[Records supplied — start]
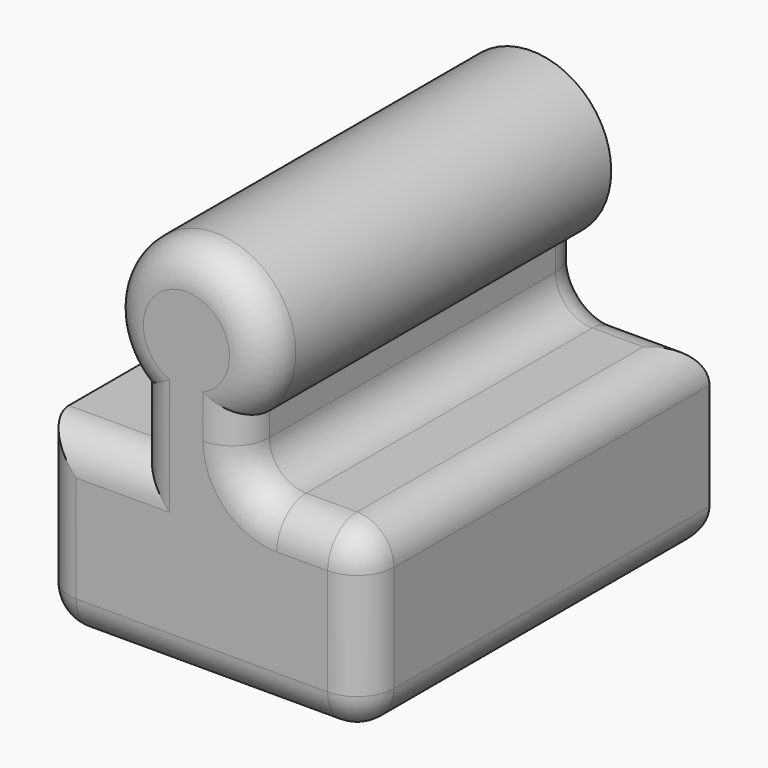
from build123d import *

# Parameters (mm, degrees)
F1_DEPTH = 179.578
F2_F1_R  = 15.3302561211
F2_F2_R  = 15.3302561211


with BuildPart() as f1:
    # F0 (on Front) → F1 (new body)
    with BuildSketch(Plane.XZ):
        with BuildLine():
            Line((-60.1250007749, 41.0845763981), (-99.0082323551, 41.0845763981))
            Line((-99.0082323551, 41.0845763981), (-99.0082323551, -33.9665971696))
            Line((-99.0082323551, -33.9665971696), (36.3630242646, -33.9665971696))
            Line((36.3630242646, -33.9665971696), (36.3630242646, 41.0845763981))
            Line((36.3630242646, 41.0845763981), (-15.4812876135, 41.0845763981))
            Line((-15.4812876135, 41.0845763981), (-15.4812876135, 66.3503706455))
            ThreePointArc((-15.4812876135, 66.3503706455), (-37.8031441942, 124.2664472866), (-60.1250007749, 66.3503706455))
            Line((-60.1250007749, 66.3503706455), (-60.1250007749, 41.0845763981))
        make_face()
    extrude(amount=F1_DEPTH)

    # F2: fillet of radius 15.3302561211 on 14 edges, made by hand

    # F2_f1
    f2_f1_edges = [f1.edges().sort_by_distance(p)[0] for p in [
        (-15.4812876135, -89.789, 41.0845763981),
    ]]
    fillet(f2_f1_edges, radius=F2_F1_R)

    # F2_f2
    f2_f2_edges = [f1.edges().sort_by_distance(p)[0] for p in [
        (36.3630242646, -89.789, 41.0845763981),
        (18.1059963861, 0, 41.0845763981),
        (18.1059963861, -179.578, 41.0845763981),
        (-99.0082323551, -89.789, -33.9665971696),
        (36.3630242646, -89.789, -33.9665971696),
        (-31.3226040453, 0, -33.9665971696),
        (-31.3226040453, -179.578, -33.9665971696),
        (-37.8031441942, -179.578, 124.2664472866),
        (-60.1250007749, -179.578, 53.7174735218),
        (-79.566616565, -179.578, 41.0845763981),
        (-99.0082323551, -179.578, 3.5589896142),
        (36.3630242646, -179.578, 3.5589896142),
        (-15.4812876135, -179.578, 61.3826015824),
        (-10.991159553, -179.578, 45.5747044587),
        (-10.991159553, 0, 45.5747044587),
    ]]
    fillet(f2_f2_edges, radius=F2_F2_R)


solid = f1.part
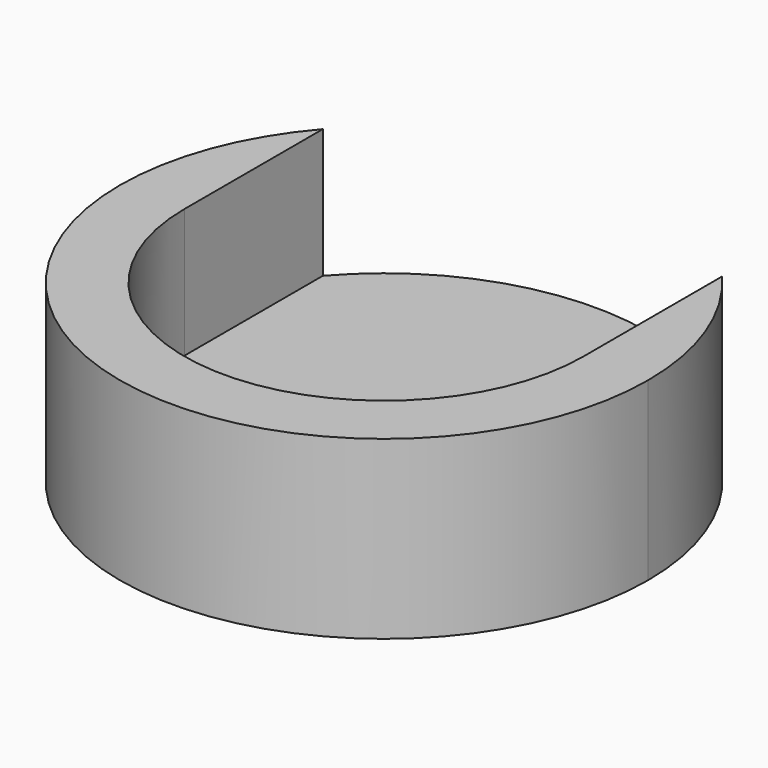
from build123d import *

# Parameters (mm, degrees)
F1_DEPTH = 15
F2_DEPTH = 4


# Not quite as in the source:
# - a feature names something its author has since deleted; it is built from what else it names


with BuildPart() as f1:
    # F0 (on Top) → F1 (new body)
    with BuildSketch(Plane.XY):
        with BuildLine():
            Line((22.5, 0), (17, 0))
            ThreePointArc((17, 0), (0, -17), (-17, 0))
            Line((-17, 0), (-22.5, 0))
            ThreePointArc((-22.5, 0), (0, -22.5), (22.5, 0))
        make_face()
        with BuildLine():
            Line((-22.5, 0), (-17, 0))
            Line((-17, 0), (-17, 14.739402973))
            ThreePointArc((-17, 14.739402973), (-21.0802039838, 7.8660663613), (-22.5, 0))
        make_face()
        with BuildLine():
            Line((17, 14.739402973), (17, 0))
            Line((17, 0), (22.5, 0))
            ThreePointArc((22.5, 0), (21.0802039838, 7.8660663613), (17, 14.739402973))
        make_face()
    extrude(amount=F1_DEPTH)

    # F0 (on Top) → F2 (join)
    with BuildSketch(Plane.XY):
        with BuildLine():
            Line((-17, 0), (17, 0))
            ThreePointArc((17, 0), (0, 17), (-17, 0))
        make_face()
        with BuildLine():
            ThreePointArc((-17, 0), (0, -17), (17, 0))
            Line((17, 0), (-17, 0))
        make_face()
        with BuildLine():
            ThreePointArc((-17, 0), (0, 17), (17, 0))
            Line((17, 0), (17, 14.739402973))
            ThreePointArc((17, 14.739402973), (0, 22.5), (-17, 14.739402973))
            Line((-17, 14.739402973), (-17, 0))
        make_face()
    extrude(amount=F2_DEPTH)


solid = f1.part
[Records supplied — finish]
# Task goal
Leaving out the pictures, output each line above exactly as it is.

# Answer for this exercise
from build123d import *

# Parameters (mm, degrees)
F1_DEPTH = 179.578
F2_F1_R  = 15.3302561211
F2_F2_R  = 15.3302561211


with BuildPart() as f1:
    # F0 (on Front) → F1 (new body)
    with BuildSketch(Plane.XZ):
        with BuildLine():
            Line((-60.1250007749, 41.0845763981), (-99.0082323551, 41.0845763981))
            Line((-99.0082323551, 41.0845763981), (-99.0082323551, -33.9665971696))
            Line((-99.0082323551, -33.9665971696), (36.3630242646, -33.9665971696))
            Line((36.3630242646, -33.9665971696), (36.3630242646, 41.0845763981))
            Line((36.3630242646, 41.0845763981), (-15.4812876135, 41.0845763981))
            Line((-15.4812876135, 41.0845763981), (-15.4812876135, 66.3503706455))
            ThreePointArc((-15.4812876135, 66.3503706455), (-37.8031441942, 124.2664472866), (-60.1250007749, 66.3503706455))
            Line((-60.1250007749, 66.3503706455), (-60.1250007749, 41.0845763981))
        make_face()
    extrude(amount=F1_DEPTH)

    # F2: fillet of radius 15.3302561211 on 14 edges, made by hand

    # F2_f1
    f2_f1_edges = [f1.edges().sort_by_distance(p)[0] for p in [
        (-15.4812876135, -89.789, 41.0845763981),
    ]]
    fillet(f2_f1_edges, radius=F2_F1_R)

    # F2_f2
    f2_f2_edges = [f1.edges().sort_by_distance(p)[0] for p in [
        (36.3630242646, -89.789, 41.0845763981),
        (18.1059963861, 0, 41.0845763981),
        (18.1059963861, -179.578, 41.0845763981),
        (-99.0082323551, -89.789, -33.9665971696),
        (36.3630242646, -89.789, -33.9665971696),
        (-31.3226040453, 0, -33.9665971696),
        (-31.3226040453, -179.578, -33.9665971696),
        (-37.8031441942, -179.578, 124.2664472866),
        (-60.1250007749, -179.578, 53.7174735218),
        (-79.566616565, -179.578, 41.0845763981),
        (-99.0082323551, -179.578, 3.5589896142),
        (36.3630242646, -179.578, 3.5589896142),
        (-15.4812876135, -179.578, 61.3826015824),
        (-10.991159553, -179.578, 45.5747044587),
        (-10.991159553, 0, 45.5747044587),
    ]]
    fillet(f2_f2_edges, radius=F2_F2_R)


solid = f1.part
from build123d import *

# Parameters (mm, degrees)
F1_DEPTH = 15
F2_DEPTH = 4


# Not quite as in the source:
# - a feature names something its author has since deleted; it is built from what else it names


with BuildPart() as f1:
    # F0 (on Top) → F1 (new body)
    with BuildSketch(Plane.XY):
        with BuildLine():
            Line((22.5, 0), (17, 0))
            ThreePointArc((17, 0), (0, -17), (-17, 0))
            Line((-17, 0), (-22.5, 0))
            ThreePointArc((-22.5, 0), (0, -22.5), (22.5, 0))
        make_face()
        with BuildLine():
            Line((-22.5, 0), (-17, 0))
            Line((-17, 0), (-17, 14.739402973))
            ThreePointArc((-17, 14.739402973), (-21.0802039838, 7.8660663613), (-22.5, 0))
        make_face()
        with BuildLine():
            Line((17, 14.739402973), (17, 0))
            Line((17, 0), (22.5, 0))
            ThreePointArc((22.5, 0), (21.0802039838, 7.8660663613), (17, 14.739402973))
        make_face()
    extrude(amount=F1_DEPTH)

    # F0 (on Top) → F2 (join)
    with BuildSketch(Plane.XY):
        with BuildLine():
            Line((-17, 0), (17, 0))
            ThreePointArc((17, 0), (0, 17), (-17, 0))
        make_face()
        with BuildLine():
            ThreePointArc((-17, 0), (0, -17), (17, 0))
            Line((17, 0), (-17, 0))
        make_face()
        with BuildLine():
            ThreePointArc((-17, 0), (0, 17), (17, 0))
            Line((17, 0), (17, 14.739402973))
            ThreePointArc((17, 14.739402973), (0, 22.5), (-17, 14.739402973))
            Line((-17, 14.739402973), (-17, 0))
        make_face()
    extrude(amount=F2_DEPTH)


solid = f1.part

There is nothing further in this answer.